(Data for the task Opens)

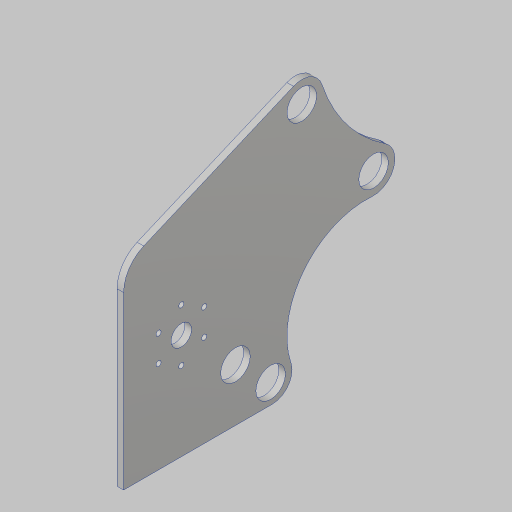
# Autodesk Inventor part: GI - 001
Saved by Autodesk Inventor 2023.5 (Build 275446000, 446)
## iProperties
Created: 2025-01-17
Part Number: GI - 001
Material: Aluminum 6061
Document SubType Name: Modeling
Designer: mavericks
Density: 2.7 g/cm^3
Appearance: Aluminum - Flat
Author: mavericks
Autodesk Inventor part; units mm, degrees
ref_plane "YZ Plane" through (0, 0, 0) normal (1, 0, 0) x (0, 1, 0)
ref_plane "XZ Plane" through (0, 0, 0) normal (0, 1, 0) x (-1, 0, 0)
ref_plane "XY Plane" through (0, 0, 0) normal (0, 0, 1) x (1, 0, 0)
sketch "Sketch2" plane through (0, 0, 0) normal (1, 0, 0) x (0, 1, 0)
  line L0 (63.5, 38.1) -> (-63.5, 38.1) construction
  line L1 (-63.5, 38.1) -> (-63.5, -38.1) construction
  line L2 (-63.5, -38.1) -> (63.5, -38.1) construction
  line L3 (63.5, -38.1) -> (63.5, 38.1) construction
  line L4 (63.5, 38.1) -> (-63.5, -38.1) construction
  line L5 (-63.5, 38.1) -> (63.5, -38.1) construction
  line L6 (-63.5, 38.1) -> (-76.2, 38.1) construction
  line L7 (-76.2, 38.1) -> (-76.2, -266.7) construction
  line L8 (-76.2, -266.7) -> (-63.5, -266.7) construction
  line L9 (-63.5, -266.7) -> (-63.5, 38.1) construction
  circle A0 centre (139.7, -401.3586) radius 57.15 construction
  circle A1 centre (-50.8, -103.823) radius 15.875 construction
  circle A2 centre (-19.05, -69.85) radius 25.4 construction
  circle A3 centre (76.2, -203.2) radius 63.5 construction
  circle A4 centre (76.2, -203.2) radius 14.2875
  circle A5 centre (166.7179, -133.8994) radius 38.1 construction
  circle A6 centre (166.7179, -133.8994) radius 14.2875
  circle A7 centre (-50.8, -103.823) radius 14.2875
  circle A8 centre (-19.05, -69.85) radius 14.2875
  line L10 (-69.85, 38.1) -> (-69.85, -105.4105)
  arc A9 (-50.8, -124.4605) -> (-44.3107, -123.4137) centre (-50.8, -103.823) ccw
  arc A10 (55.6237, -201.612) -> (93.4432, -214.5393) centre (76.2, -203.2) ccw
  arc A11 (173.1654, -153.5039) -> (185.7213, -125.8509) centre (166.7179, -133.8994) ccw
  arc A12 (55.6237, -201.612) -> (-44.3107, -123.4137) centre (-20.3504, -195.7487) ccw
  line L11 (-69.85, 38.1) -> (95.25, 38.1)
  line L12 (124.486, 18.7323) -> (185.7213, -125.8509)
  arc A13 (173.1654, -153.5039) -> (93.4432, -214.5393) centre (220.7773, -298.2757) ccw
  arc A14 (124.486, 18.7323) -> (95.25, 38.1) centre (95.25, 6.35) ccw
  arc A15 (-69.85, -105.4105) -> (-50.8, -124.4605) centre (-50.8, -105.4105) ccw
  line L13 (-57.15, 38.1) -> (-6.35, 38.1) construction
  line L14 (-6.35, 38.1) -> (-6.35, 444.5) construction
  line L15 (-6.35, 444.5) -> (-57.15, 444.5) construction
  line L16 (-57.15, 444.5) -> (-57.15, 38.1) construction
  point P0 (0, 0)
  point P1 (-14.3002, 165.1)
  point P2 (-49.1998, 165.1)
  point P3 (-14.3002, 190.5)
  point P4 (-49.1998, 190.5)
  point P5 (-14.3002, 215.9)
  point P6 (-49.1998, 215.9)
  point P7 (-14.3002, 241.3)
  point P8 (-49.1998, 241.3)
  dimension "d2" = 127
  dimension "d3" = 76.2
  dimension "d4" = 12.7
  dimension "d5" = 304.8
  dimension "d6" = 114.3
  dimension "d7" = 31.75
  dimension "d8" = 50.8
  dimension "d9" = 127
  dimension "d10" = 152.4
  dimension "d11" = 28.575
  dimension "d12" = 31.75
  dimension "d13" = 25.4
  dimension "d14" = 46.4998
  dimension "d15" = 44.45
  dimension "d16" = 165.1
  dimension "d17" = 76.2
  dimension "d18" = 114.0003
  dimension "d20" = 28.575
  dimension "d21" = 28.575
  dimension "d22" = 28.575
  dimension "d23" = 6.35
  dimension "d24" = 6.35
  dimension "d25" = 6.35
  dimension "d26" = 76.2
  dimension "d28" = 165.1
  dimension "d29" = 152.4
  dimension "d30" = 31.75
  dimension "d35" = 19.05
  dimension "d40" = 50.8
  dimension "d41" = 19.05
  dimension "d42" = 406.4
  dimension "d43" = 127
  dimension "d44" = 7.9502
  dimension "d45" = 7.9502
  dimension "d48" = 25.4
  dimension "d70" = 196.4995
  constraints: 34 end point, 16 centre point, 14 point on circle, 10 tangent, 6 parallel, 4 coincident, 4 perpendicular, 3 horizontal, 3 midpoint, 1 horizontal alignment, 1 point on line, 1 vertical, 6 other
  measures "d2" distance of L2.end L1.end
  measures "d3" distance of L1.end L0.end
  measures "d4" distance of L8.end L7.end
  measures "d5" distance of L7.end L6.end
  measures "d6" diameter of A0
  measures "d7" diameter of A1
  measures "d8" diameter of A2
  measures "d9" diameter of A3
  measures "d10" distance from line of A3.centre L7
  measures "d11" diameter of A4
  measures "d12" distance from line of A2.centre L2
  measures "d13" distance from line of L7 A1.centre
  measures "d14" distance of A2.centre A1.centre
  measures "d15" distance from line of L9 A2.centre
  measures "d16" distance from line of L2 A3.centre
  measures "d17" diameter of A5
  measures "d18" distance of A3.centre A5.centre
  measures "d20" diameter of A6
  measures "d21" diameter of A7
  measures "d22" diameter of A8
  measures "d23" radial gap between concentric circles of A7 A9
  measures "d24" radial gap between concentric circles of A4 A10
  measures "d25" radial gap between concentric circles of A6 A11
  measures "d26" radius of A12
  measures "d28" distance of L11.end L10.start
  measures "d29" radius of A13
  measures "d30" radius of A14
  measures "d35" radius of A15
  measures "d40" distance of L15.end L14.end
  measures "d41" distance between parallel lines of L16 L7
  measures "d42" distance of L15.end L13.start
  measures "d43" distance from line of L0 point (-14.3, 165.1)
  measures "d44" distance from line of L14 point (-14.3, 165.1)
  measures "d45" distance from line of L16 point (-49.2, 165.1)
  measures "d48" distance of point (-14.3, 165.1) point (-14.3, 190.5)
  measures "d70" distance of A2.centre A5.centre
extrude "Extrusion1" add sketch "Sketch2" along normal blind 6.35
sketch "Sketch3" plane through (6.35, 0, 0) normal (1, 0, 0) x (0, 0, -1)
  line L0 (-38.1, 63.5) -> (38.1, 63.5) construction
  line L1 (38.1, 63.5) -> (38.1, -63.5) construction
  line L2 (38.1, -63.5) -> (-38.1, -63.5) construction
  line L3 (-38.1, -63.5) -> (-38.1, 63.5) construction
  line L4 (-38.1, 63.5) -> (38.1, -63.5) construction
  line L5 (38.1, 63.5) -> (-38.1, -63.5) construction
  line L6 (-38.1, -69.85) -> (105.4105, -69.85) construction
  line L7 (-38.1, 95.25) -> (-38.1, -69.85) construction
  point P0 (0, 0)
  point P1 (0, 0)
  dimension "d36" = 76.2
  dimension "d37" = 127
  dimension "d38" = 6.35
  dimension "d39" = 0
  constraints: 12 end point, 2 midpoint, 2 parallel, 1 horizontal, 1 perpendicular
  measures "d36" distance of L1.end L2.end
  measures "d37" distance of L0.end L1.end
  measures "d38" distance between parallel lines of L6 L2
  measures "d39" distance between parallel lines of L7 L3
sketch "Sketch4" plane through (0, 0, 0) normal (-1, 0, 0) x (0, 0, 1)
  circle A0 centre (-17.5992, 31.75) radius 9.906
  circle A1 centre (-203.2, 76.2) radius 14.2875 projected
  circle A2 centre (-133.8994, 166.7179) radius 14.2875 projected
  circle A3 centre (-103.823, -50.8) radius 14.2875 projected
  circle A4 centre (-69.85, -19.05) radius 14.2875 projected
  arc A5 (38.1, 95.25) -> (18.7323, 124.486) centre (6.35, 95.25) ccw projected
  line L0 (38.1, 95.25) -> (38.1, -69.85) projected
  line L1 (38.1, -69.85) -> (-105.4105, -69.85) projected
  arc A6 (-124.4605, -50.8) -> (-105.4105, -69.85) centre (-105.4105, -50.8) ccw projected
  arc A7 (-123.4137, -44.3107) -> (-124.4605, -50.8) centre (-103.823, -50.8) ccw projected
  arc A8 (-123.4137, -44.3107) -> (-201.612, 55.6237) centre (-195.7487, -20.3504) ccw projected
  arc A9 (-214.5393, 93.4432) -> (-201.612, 55.6237) centre (-203.2, 76.2) ccw projected
  arc A10 (-214.5393, 93.4432) -> (-153.5039, 173.1654) centre (-298.2757, 220.7773) ccw projected
  arc A11 (-125.8509, 185.7213) -> (-153.5039, 173.1654) centre (-133.8994, 166.7179) ccw projected
  line L2 (-125.8509, 185.7213) -> (18.7323, 124.486) projected
  circle A12 centre (-203.2, 76.2) radius 14.2875 projected
  circle A13 centre (-133.8994, 166.7179) radius 14.2875 projected
  circle A14 centre (-103.823, -50.8) radius 14.2875 projected
  circle A15 centre (-69.85, -19.05) radius 14.2875 projected
  line L3 (38.1, 95.25) -> (38.1, -69.85) projected
  line L4 (38.1, -69.85) -> (-105.4105, -69.85) projected
  circle A16 centre (-17.5992, 31.75) radius 25.4 construction
  arc A17 (38.1, 95.25) -> (18.7323, 124.486) centre (6.35, 95.25) ccw projected
  arc A18 (-124.4605, -50.8) -> (-105.4105, -69.85) centre (-105.4105, -50.8) ccw projected
  arc A19 (-123.4137, -44.3107) -> (-124.4605, -50.8) centre (-103.823, -50.8) ccw projected
  arc A20 (-123.4137, -44.3107) -> (-201.612, 55.6237) centre (-195.7487, -20.3504) ccw projected
  arc A21 (-214.5393, 93.4432) -> (-201.612, 55.6237) centre (-203.2, 76.2) ccw projected
  arc A22 (-214.5393, 93.4432) -> (-153.5039, 173.1654) centre (-298.2757, 220.7773) ccw projected
  arc A23 (-125.8509, 185.7213) -> (-153.5039, 173.1654) centre (-133.8994, 166.7179) ccw projected
  line L5 (-125.8509, 185.7213) -> (18.7323, 124.486) projected
  point P0 (0, 0)
  point P1 (-17.5992, 57.15)
  point P2 (-39.5962, 44.45)
  point P3 (-39.5962, 19.05)
  point P4 (-17.5992, 6.35)
  point P5 (4.3978, 19.05)
  point P6 (4.3978, 44.45)
  dimension "d58" = 50.8
  dimension "d53" = 19.812
  dimension "d54" = 72.8751
  dimension "d55" = 101.6
  dimension "d61" = 360
  constraints: 2 vertical alignment, 1 centre point, 1 coincident, 9 other
  measures "d53" diameter of A0
  measures "d54" distance of A0.centre A4.centre
  measures "d55" distance from line of L1 A0.centre
extrude "Extrusion2" cut sketch "Sketch4" against normal blind 25.4 contours A0
hole "Hole1" at (0, 57.15, -17.5992) at (0, 44.45, -39.5962) at (0, 19.05, -39.5962) at (0, 6.35, -17.5992) at (0, 19.05, 4.3978) at (0, 44.45, 4.3978) direction (1, 0, 0) diameter 5.1054 end through all clearance for "Flat Head Machine Screw (82)" size "#10" standard "Ansi Unified Screw Threads"
body "Solid1"

(Data for the task Closes)

* _Exercise directions_
Each line in the entries above, starting at the line with "radius of A14" and ending at the line with "of L1.end L2.end", is to be printed exactly, and only those lines.

* _Solution below_
  measures "d30" radius of A14
  measures "d35" radius of A15
  measures "d40" distance of L15.end L14.end
  measures "d41" distance between parallel lines of L16 L7
  measures "d42" distance of L15.end L13.start
  measures "d43" distance from line of L0 point (-14.3, 165.1)
  measures "d44" distance from line of L14 point (-14.3, 165.1)
  measures "d45" distance from line of L16 point (-49.2, 165.1)
  measures "d48" distance of point (-14.3, 165.1) point (-14.3, 190.5)
  measures "d70" distance of A2.centre A5.centre
extrude "Extrusion1" add sketch "Sketch2" along normal blind 6.35
sketch "Sketch3" plane through (6.35, 0, 0) normal (1, 0, 0) x (0, 0, -1)
  line L0 (-38.1, 63.5) -> (38.1, 63.5) construction
  line L1 (38.1, 63.5) -> (38.1, -63.5) construction
  line L2 (38.1, -63.5) -> (-38.1, -63.5) construction
  line L3 (-38.1, -63.5) -> (-38.1, 63.5) construction
  line L4 (-38.1, 63.5) -> (38.1, -63.5) construction
  line L5 (38.1, 63.5) -> (-38.1, -63.5) construction
  line L6 (-38.1, -69.85) -> (105.4105, -69.85) construction
  line L7 (-38.1, 95.25) -> (-38.1, -69.85) construction
  point P0 (0, 0)
  point P1 (0, 0)
  dimension "d36" = 76.2
  dimension "d37" = 127
  dimension "d38" = 6.35
  dimension "d39" = 0
  constraints: 12 end point, 2 midpoint, 2 parallel, 1 horizontal, 1 perpendicular
  measures "d36" distance of L1.end L2.end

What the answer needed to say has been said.